__WHAT THIS TASK INVOLVES__. Quote the records exactly, starting at the first line and stopping after the line with "0) x (0, 0, -1)"; skip the pictures.

__MATERIAL PROVIDED__.
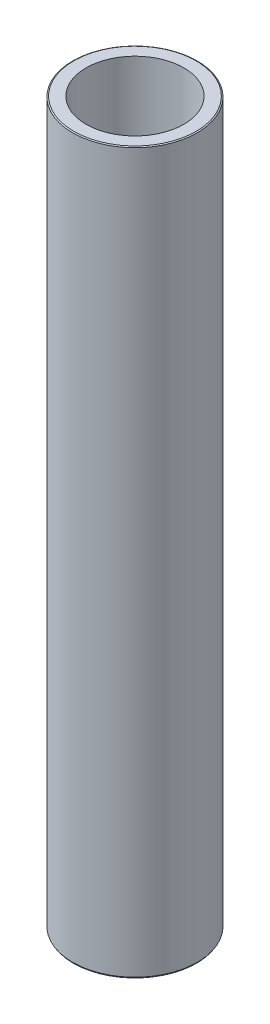
SolidWorks part; units mm, degrees
ref_plane "Front Plane" through (0, 0, 0) normal (0, 0, 1) x (1, 0, 0)
ref_plane "Top Plane" through (0, 0, 0) normal (0, 1, 0) x (1, 0, 0)
ref_plane "Right Plane" through (0, 0, 0) normal (1, 0, 0) x (0, 0, -1)
sketch "Sketch1" plane through (0, 0, 0) normal (0, 1, 0) x (1, 0, 0)
  circle A0 centre (0, 0) radius 42.5
  dimension "SHAFT_OD" = 85
extrude "Boss-Extrude1" add sketch "Sketch1" along normal blind 491.3464
sketch "Sketch2" plane through (0, 0, 0) normal (0, 1, 0) x (1, 0, 0)
  circle A0 centre (0, 0) radius 33.3692
  dimension "BORE_D" = 66.7384
extrude "Cut-Extrude1" cut sketch "Sketch2" along normal through all
chamfer "Chamfer1" distance 0.462 angle 60 2 edges at (0, 491.3464, 42.5) (0, 0, 42.5) first distance on face at (0, 491.3464, 42.5) first distance on face at (0, 0, 33.3692)

__ANSWER SECTION__.
SolidWorks part; units mm, degrees
ref_plane "Front Plane" through (0, 0, 0) normal (0, 0, 1) x (1, 0, 0)
ref_plane "Top Plane" through (0, 0, 0) normal (0, 1, 0) x (1, 0, 0)
ref_plane "Right Plane" through (0, 0, 0) normal (1, 0, 0) x (0, 0, -1)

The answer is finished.